Mortgage loans where just the interest is paid each month with no payment on the principle. Interest rates were variable, so when the rates rose before the recession, owners could no longer afford payments/

80/20 Loan

This is actually two loans. Eighty percent is the mortgage loan and 20 percent is a second loan for the down payment thereby avoiding private mortgage insurance. The buyer has to come up with little more than closing costs.

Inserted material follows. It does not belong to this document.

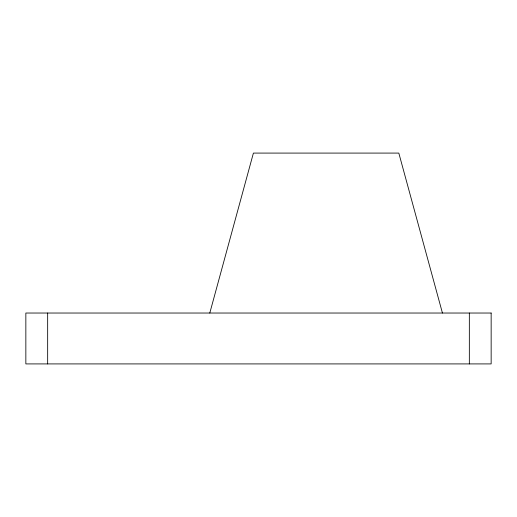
<?xml version="1.0" encoding="UTF-8"?>
<svg xmlns="http://www.w3.org/2000/svg" width="517" height="517" viewBox="0 0 517 517"><rect width="100%" height="100%" fill="white"/><g stroke="black" fill="none" stroke-linecap="round" stroke-linejoin="round"><path stroke-width="0.78" d="M209.792 313.031L253.408 153.084L398.814 153.084L442.436 313.031M469.339 313.031L469.339 363.916M47.661 313.031L47.661 363.916M491.15 313.031L25.85 313.031L25.85 363.916L491.15 363.916L491.15 313.031"/></g></svg>

In the first several years of the 21st Century, housing prices were consistently rising meaning buyers save less and spend more. Lenders seemed oblivious to the onslaught of risky loan approvals. Loans were easy to get prompting overextensions by buyers and predatory lending practices. These loans are for short-term use and are meant to be refinanced in a few years. Higher housing costs means buyers save less and spend more.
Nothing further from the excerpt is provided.